Here in the Valley, when settlement began there was a great abundance of land and enough water much of the time for its users. 

The history of this Valley shows how quickly conditions can change. As untilled and ungrazed land disappeared, water soon was getting organized, stored, distributed, and pumped, and towns and settlers and others kinds of development began to take up what had previously been vacant or vacated land.

All those events happened in little more than one century – a tiny drop in the bucket of human history as they also occurred throughout the West.

When I moved to rapidly-growing Colorado in the 1950s, a big drought was taking place, but I watered my yard in Colorado Springs to make it look nice and green like everyone else’s on the block, even though I fancied myself to be an environmentalist and a nature lover. (How that water was reaching the Front Range was another part of the long story.)

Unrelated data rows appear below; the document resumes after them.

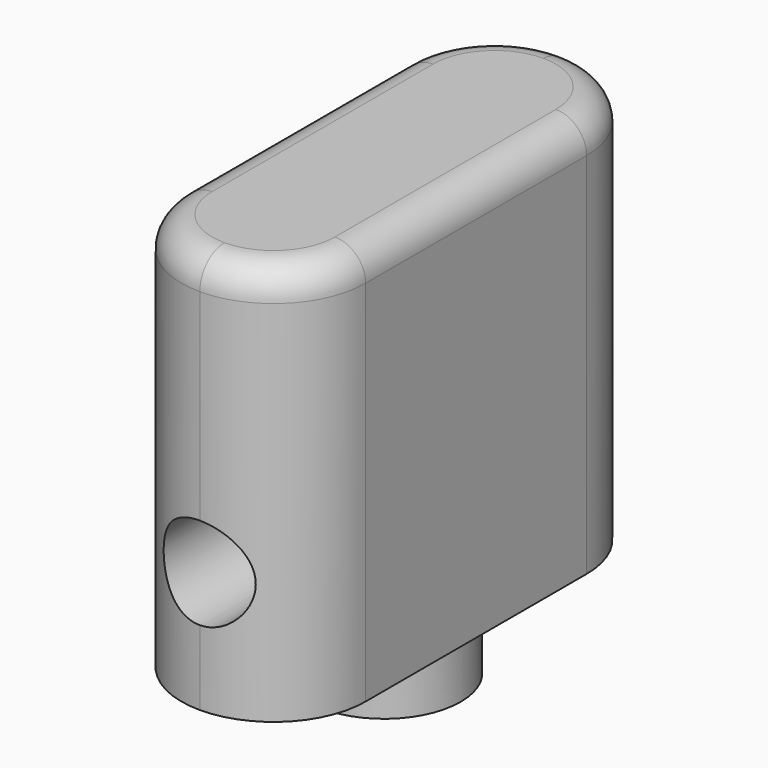
from build123d import *

# Parameters (mm, degrees)
F0_W     = 6
F0_H     = 15
F1_DEPTH = 13
F3_DEPTH = 2
F4_R     = 2.99999
F5_R     = 1
F6_R     = 1.5
F7_DEPTH = 10


# Not quite as in the source:
# - a fillet or chamfer is up to 0.001 mm smaller than in the source, because OpenCascade refuses the exact size


with BuildPart() as f1:
    # F0 (on Top) → F1 (new body)
    with BuildSketch(Plane.XY):
        with Locations((0, 7.5)):
            Rectangle(F0_W, F0_H)
    extrude(amount=F1_DEPTH)

    # F2 (on face) → F3 (join)
    with BuildSketch(Plane(origin=(0, 0, 0), x_dir=(1, 0, 0), z_dir=(0, 0, -1))):
        with BuildLine():
            ThreePointArc((-2.5, -7.5), (0, -10), (2.5, -7.5))
            Line((2.5, -7.5), (-2.5, -7.5))
        make_face()
        with BuildLine():
            Line((-2.5, -7.5), (2.5, -7.5))
            ThreePointArc((2.5, -7.5), (0, -5), (-2.5, -7.5))
        make_face()
    extrude(amount=F3_DEPTH)

    # F4 (radius 3 in the source; OpenCascade refuses exactly that, so slightly less here)
    f4_edges = [f1.edges().sort_by_distance(p)[0] for p in [
        (-3, 0, 6.5),
        (3, 0, 6.5),
        (3, 15, 6.5),
        (-3, 15, 6.5),
    ]]
    fillet(f4_edges, radius=F4_R)

    # F5
    f5_edges = [f1.edges().sort_by_distance(p)[0] for p in [
        (0, 15, 13),
        (2.121323, 14.121323, 13),
        (-2.121323, 14.121323, 13),
        (3, 7.5, 13),
        (-3, 7.5, 13),
        (2.121323, 0.878677, 13),
        (-2.121323, 0.878677, 13),
        (0, 0, 13),
    ]]
    fillet(f5_edges, radius=F5_R)

    # F6 (on Front) → F7 (cut)
    with BuildSketch(Plane.XZ):
        with Locations((0, 3.9348333655)):
            Circle(F6_R)
    extrude(amount=-F7_DEPTH, mode=Mode.SUBTRACT)


solid = f1.part
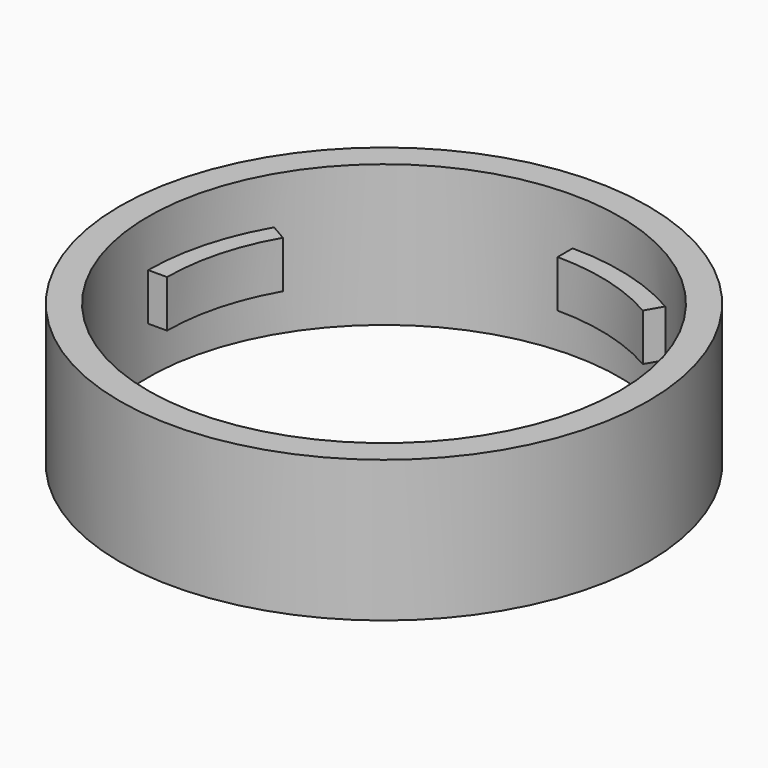
from build123d import *

# Parameters (mm, degrees)
F0_R            = 28
F0_R_2          = 25
F1_DEPTH        = 15
F4_DEPTH        = 2.5
F4_COPIES_COUNT = 4


# Not quite as in the source:
# - a pattern or mirror of a feature is missing from the dataset's text; its kind, count and spacing are read off the source's solid


with BuildPart() as f1:
    # F0 (on Top) → F1 (new body)
    with BuildSketch(Plane.XY):
        Circle(F0_R)
        Circle(F0_R_2, mode=Mode.SUBTRACT)
    extrude(amount=F1_DEPTH)

    # F3 (on offset) → F4 (join, symmetric)
    with BuildSketch(Plane.XY.offset(7.5)):
        with BuildLine():
            ThreePointArc((0, 23), (5.9528380374, 22.2162940046), (11.5, 19.918584287))
            Line((11.5, 19.918584287), (12.5, 21.6506350946))
            ThreePointArc((12.5, 21.6506350946), (6.4704761276, 24.1481456572), (0, 25))
            Line((0, 25), (0, 23))
        make_face()
    f4 = extrude(amount=F4_DEPTH, both=True)

    # F4_copies: F4 ×4 about axis
    f4_copies_axis = Axis((0, 0, 0), (0, 0, 1))
    for i in range(1, F4_COPIES_COUNT):
        add(f4.rotate(f4_copies_axis, i * 360 / F4_COPIES_COUNT))


solid = f1.part

When I first saw center-pivot sprinklers from an airplane making round green fields on the brown prairie with water from the Ogallala Aquifer, I was amazed. But then I later saw sprinklers showering the windy air above this Valley a few years later, and I could not help but wonder why the water was not being pointed downward onto fields instead of up into the air where a lot of the water was evaporating. Acequias and other flood irrigation techniques were too labor-intensive, I figured.

Also, when I moved to the agricultural San Luis Valley in the 1970s, I discovered that farmers and ranchers and the town people did not always share the same interests and attitudes. By the 1980s, though, we were learning to get along by using the term “conservation,” instead of “farmer” and “rancher” or “environmentalist.” And we discovered there were a lot of very smart, friendly people on both sides of the fence, although some folks still clung to the way things used to be.

By 2000 we all had learned that the underground aquifer was getting lower and lower and the price of pumping water was getting higher and higher, and some of the sources weren’t always very healthy for fields, towns or other developments. Common interests forced us all to finally face up to some serious facts about the future.

Wherever we live on Earth, we are now in this new Anthropogenic Era, or whatever you choose to call it, with great problems and opportunities requiring new solutions. We all need to be thinking realistically about them during Earth Month and afterwards, too.